To find out how cotton pollen might differ from Arabidopsis pollen, we compared the proteins in our study to the proteins identified in pollen proteome of Arabidopsis [27]-[29]. Fifty of the 56 identified proteins could be assigned to an Arabidopsis homologue, indicating high similarity of the proteomes. The difference may result from the different samples used. In this study, the whole anther was sampled for protein extraction and identification, not the separated pollen grains as the Arabidopsis proteome. Chalcone synthase (CHS, spot 137) was significantly down-regulated in MT anther in all three stages (Table 1). Its Arabidopsis homologue AT4G34850 (LAP5 and LAP6) was absent in pollen proteome. LAP5 and LAP6 are male-organ-specific members and are expressed in anthers coincident with the timing of exine formation [30].

In Arabidopsis, many mutants are described that are affected in pollen development and pollen tube growth. A total of 215 genes have been surveyed by Till Ischebeck et al. [31]. From these, we found five spots to have homologues (E-value equal to or less than 10−10) in our study. Although the roles of these genes have not been discussed in cotton anther, the high similarity suggested conserved functions. Their changed expression pattern led to aberrant pollen development in MT anther, resulting in male sterility. However, from the 56 proteins identified, only 5 homologues have been described so far in Arabidopsis mutant studies, leaving tremendous room for future pollen research.

Energy and metabolism processes

In higher plants, the development of the male gametophyte is a well-programmed and elaborate process [32], which may require more genes expression. For example, compared with other organs, more than 20,000 genes have been detected as expressing in cotton anthers [33]. To accomplish this complex process, numerous proteins are associated with energy and metabolism in anther development. It has been well studied in Arabidopsis thaliana. For example, of the proteins identified on the 2-DE reference proteome maps for mature pollen of Arabidopsis thaliana, ~40% are predicted to function in metabolism and energy generation [27],[28]. Except for these 2-DE based proteomics analysis, the metabolism and energy functional categories were also overrepresented in a shotgun proteomics of Arabidopsis pollen [29]. Moreover, the tobacco proteome analysis from early to late pollen development demonstrated that proteins involved in primary metabolism and starch synthesis, which were required for pollen tube growth [31]. These suggested that energy and metabolism processes were the most primary processes in pollen. Disordered expression of proteins in these processes may cause male sterility [16],[19]. In this study, ~31% (19) of the 62 spots identified were implicated in energy and metabolism (Table 1). Their up- or down-regulation may cause abnormal development of the MT anthers.

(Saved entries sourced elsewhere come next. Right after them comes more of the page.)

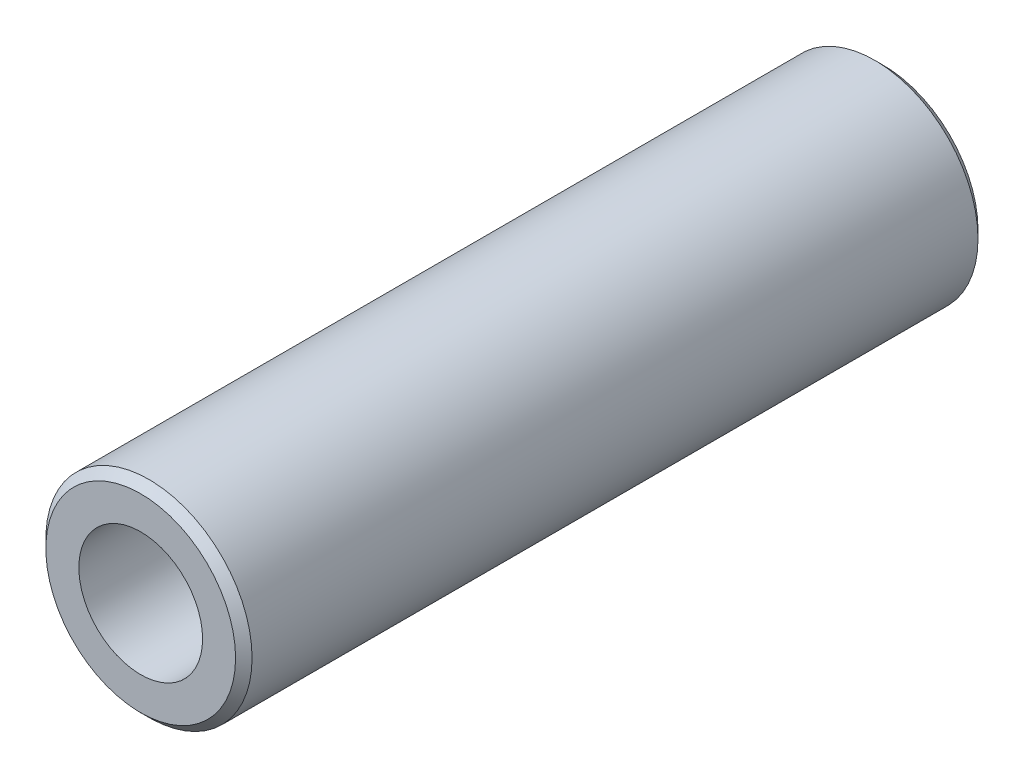
ISO-10303-21;
HEADER;
FILE_DESCRIPTION(('STEP AP214'),'2;1');
FILE_NAME('part.step','',(''),(''),'','','');
FILE_SCHEMA(('AUTOMOTIVE_DESIGN { 1 0 10303 214 1 1 1 1 }'));
ENDSEC;
DATA;
#1=APPLICATION_CONTEXT('core data for automotive mechanical design processes');
#2=APPLICATION_PROTOCOL_DEFINITION('international standard','automotive_design',2000,#1);
#3=PRODUCT_CONTEXT('',#1,'mechanical');
#4=PRODUCT('Part','Part','',(#3));
#5=PRODUCT_RELATED_PRODUCT_CATEGORY('part','',(#4));
#6=PRODUCT_DEFINITION_FORMATION('','',#4);
#7=PRODUCT_DEFINITION_CONTEXT('part definition',#1,'design');
#8=PRODUCT_DEFINITION('design','',#6,#7);
#9=PRODUCT_DEFINITION_SHAPE('','',#8);
#10=(LENGTH_UNIT() NAMED_UNIT(*) SI_UNIT(.MILLI.,.METRE.));
#11=(NAMED_UNIT(*) PLANE_ANGLE_UNIT() SI_UNIT($,.RADIAN.));
#12=(NAMED_UNIT(*) SI_UNIT($,.STERADIAN.) SOLID_ANGLE_UNIT());
#13=UNCERTAINTY_MEASURE_WITH_UNIT(LENGTH_MEASURE(1.E-05),#10,'distance_accuracy_value','');
#14=(GEOMETRIC_REPRESENTATION_CONTEXT(3) GLOBAL_UNCERTAINTY_ASSIGNED_CONTEXT((#13)) GLOBAL_UNIT_ASSIGNED_CONTEXT((#10,
#11,#12)) REPRESENTATION_CONTEXT('',''));
#15=CARTESIAN_POINT('',(0.,0.,0.));
#16=DIRECTION('',(0.,0.,1.));
#17=DIRECTION('',(1.,0.,0.));
#18=AXIS2_PLACEMENT_3D('',#15,#16,#17);
#19=CARTESIAN_POINT('',(0.,0.,22.5));
#20=DIRECTION('',(0.,0.,1.));
#21=DIRECTION('',(1.,0.,0.));
#22=AXIS2_PLACEMENT_3D('',#19,#20,#21);
#23=PLANE('',#22);
#24=CARTESIAN_POINT('',(0.,0.,22.5));
#25=DIRECTION('',(0.,0.,1.));
#26=DIRECTION('',(1.,0.,0.));
#27=AXIS2_PLACEMENT_3D('',#24,#25,#26);
#28=CIRCLE('',#27,5.75000000000002);
#29=CARTESIAN_POINT('',(5.75000000000002,0.,22.5));
#30=VERTEX_POINT('',#29);
#31=EDGE_CURVE('E11',#30,#30,#28,.T.);
#32=ORIENTED_EDGE('',*,*,#31,.T.);
#33=EDGE_LOOP('',(#32));
#34=FACE_BOUND('',#33,.T.);
#35=CARTESIAN_POINT('',(0.,0.,22.5));
#36=DIRECTION('',(0.,0.,1.));
#37=DIRECTION('',(1.,0.,0.));
#38=AXIS2_PLACEMENT_3D('',#35,#36,#37);
#39=CIRCLE('',#38,3.75);
#40=CARTESIAN_POINT('',(3.75,0.,22.5));
#41=VERTEX_POINT('',#40);
#42=EDGE_CURVE('E67',#41,#41,#39,.T.);
#43=ORIENTED_EDGE('',*,*,#42,.F.);
#44=EDGE_LOOP('',(#43));
#45=FACE_BOUND('',#44,.T.);
#46=ADVANCED_FACE('F43',(#34,#45),#23,.T.);
#47=CARTESIAN_POINT('',(0.,0.,-22.5));
#48=DIRECTION('',(0.,0.,1.));
#49=DIRECTION('',(1.,0.,0.));
#50=AXIS2_PLACEMENT_3D('',#47,#48,#49);
#51=PLANE('',#50);
#52=CARTESIAN_POINT('',(0.,0.,-22.5));
#53=DIRECTION('',(0.,0.,1.));
#54=DIRECTION('',(1.,0.,0.));
#55=AXIS2_PLACEMENT_3D('',#52,#53,#54);
#56=CIRCLE('',#55,5.74999999999996);
#57=CARTESIAN_POINT('',(5.74999999999996,0.,-22.5));
#58=VERTEX_POINT('',#57);
#59=EDGE_CURVE('E51',#58,#58,#56,.F.);
#60=ORIENTED_EDGE('',*,*,#59,.T.);
#61=EDGE_LOOP('',(#60));
#62=FACE_BOUND('',#61,.T.);
#63=CARTESIAN_POINT('',(0.,0.,-22.5));
#64=DIRECTION('',(0.,0.,1.));
#65=DIRECTION('',(1.,0.,0.));
#66=AXIS2_PLACEMENT_3D('',#63,#64,#65);
#67=CIRCLE('',#66,3.75);
#68=CARTESIAN_POINT('',(3.75,0.,-22.5));
#69=VERTEX_POINT('',#68);
#70=EDGE_CURVE('E68',#69,#69,#67,.T.);
#71=ORIENTED_EDGE('',*,*,#70,.T.);
#72=EDGE_LOOP('',(#71));
#73=FACE_BOUND('',#72,.T.);
#74=ADVANCED_FACE('F80',(#62,#73),#51,.F.);
#75=CARTESIAN_POINT('',(0.,0.,22.5));
#76=DIRECTION('',(0.,0.,-1.));
#77=DIRECTION('',(-1.,0.,0.));
#78=AXIS2_PLACEMENT_3D('',#75,#76,#77);
#79=CYLINDRICAL_SURFACE('',#78,6.25);
#80=CARTESIAN_POINT('',(0.,0.,-22.));
#81=DIRECTION('',(0.,0.,1.));
#82=DIRECTION('',(1.,0.,0.));
#83=AXIS2_PLACEMENT_3D('',#80,#81,#82);
#84=CIRCLE('',#83,6.25);
#85=CARTESIAN_POINT('',(6.25,0.,-22.));
#86=VERTEX_POINT('',#85);
#87=EDGE_CURVE('E56',#86,#86,#84,.T.);
#88=ORIENTED_EDGE('',*,*,#87,.T.);
#89=EDGE_LOOP('',(#88));
#90=FACE_BOUND('',#89,.T.);
#91=CARTESIAN_POINT('',(0.,0.,22.));
#92=DIRECTION('',(0.,0.,1.));
#93=DIRECTION('',(1.,0.,0.));
#94=AXIS2_PLACEMENT_3D('',#91,#92,#93);
#95=CIRCLE('',#94,6.25);
#96=CARTESIAN_POINT('',(6.25,0.,22.));
#97=VERTEX_POINT('',#96);
#98=EDGE_CURVE('E61',#97,#97,#95,.F.);
#99=ORIENTED_EDGE('',*,*,#98,.T.);
#100=EDGE_LOOP('',(#99));
#101=FACE_BOUND('',#100,.T.);
#102=ADVANCED_FACE('F85',(#90,#101),#79,.T.);
#103=CARTESIAN_POINT('',(0.,0.,22.5));
#104=DIRECTION('',(0.,0.,-1.));
#105=DIRECTION('',(-1.,0.,0.));
#106=AXIS2_PLACEMENT_3D('',#103,#104,#105);
#107=CYLINDRICAL_SURFACE('',#106,3.75);
#108=ORIENTED_EDGE('',*,*,#42,.T.);
#109=EDGE_LOOP('',(#108));
#110=FACE_BOUND('',#109,.T.);
#111=ORIENTED_EDGE('',*,*,#70,.F.);
#112=EDGE_LOOP('',(#111));
#113=FACE_BOUND('',#112,.T.);
#114=ADVANCED_FACE('F76',(#110,#113),#107,.F.);
#115=CARTESIAN_POINT('',(0.,0.,-22.));
#116=DIRECTION('',(0.,0.,1.));
#117=DIRECTION('',(1.,0.,0.));
#118=AXIS2_PLACEMENT_3D('',#115,#116,#117);
#119=CONICAL_SURFACE('',#118,6.25,0.785398163397454);
#120=ORIENTED_EDGE('',*,*,#59,.F.);
#121=EDGE_LOOP('',(#120));
#122=FACE_BOUND('',#121,.T.);
#123=ORIENTED_EDGE('',*,*,#87,.F.);
#124=EDGE_LOOP('',(#123));
#125=FACE_BOUND('',#124,.T.);
#126=ADVANCED_FACE('F91',(#122,#125),#119,.T.);
#127=CARTESIAN_POINT('',(0.,0.,22.5));
#128=DIRECTION('',(0.,0.,-1.));
#129=DIRECTION('',(-1.,0.,0.));
#130=AXIS2_PLACEMENT_3D('',#127,#128,#129);
#131=CONICAL_SURFACE('',#130,5.75000000000002,0.785398163397448);
#132=ORIENTED_EDGE('',*,*,#98,.F.);
#133=EDGE_LOOP('',(#132));
#134=FACE_BOUND('',#133,.T.);
#135=ORIENTED_EDGE('',*,*,#31,.F.);
#136=EDGE_LOOP('',(#135));
#137=FACE_BOUND('',#136,.T.);
#138=ADVANCED_FACE('F45',(#134,#137),#131,.T.);
#139=CLOSED_SHELL('',(#46,#74,#102,#114,#126,#138));
#140=MANIFOLD_SOLID_BREP('B2',#139);
#141=ADVANCED_BREP_SHAPE_REPRESENTATION('',(#18,#140),#14);
#142=SHAPE_DEFINITION_REPRESENTATION(#9,#141);
ENDSEC;
END-ISO-10303-21;

In detail, two of the proteins identified here had functions in carbohydrate metabolism (spot 38 representing triosephosphate isomerase, and spots 164 and 165 representing galactose oxidase), two in energy generation (spot 18 representing ATP synthase, and spots 48 and 99 representing NADH dehydrogenase) and the others were involved in metabolism processes. As the highest sink, anthers need to obtain large amounts of sugars to support their early development, and at later stages pollen maturation requires the accumulation of starch, which functions as an energy reserve for germination, thus serving as a marker of pollen maturity [8]. It has been shown that changes in expression of carbon and energy metabolism genes led to total soluble sugar content decrease at the meiosis and UNP stages in the cotton GMS mutant anthers [33]. In this study, because of the altered expression levels of carbohydrate metabolism-related genes, there was a strikingly reduced accumulation of sugars in the MT anthers at the late developmental stages (Figure 3A) and limited starch synthesis in the MT mature pollen grains (Figure 3C). As expected, the WT mature pollen grains (Figure 2F) stored a number of substances (e.g., polysaccharides, proteins, lipids and hormones) that place a high demand on energy and carbon reserves for successful germination and tube growth [19]. But the MT pollen grains were nearly empty from late UNP stage (Figure 2J). During anther development, there is an increased demand for respiratory function and cellular energy in the form of ATP. Defective in ATP synthesis may result in abnormal anther development with non-functional pollens [16],[34]. In this work, two proteins in energy generation (spot 18 representing ATP synthase, and spots 48 and 99 representing NADH dehydrogenase) were significantly reduced in MT anthers, suggesting that the MT anthers were in an energy starved state.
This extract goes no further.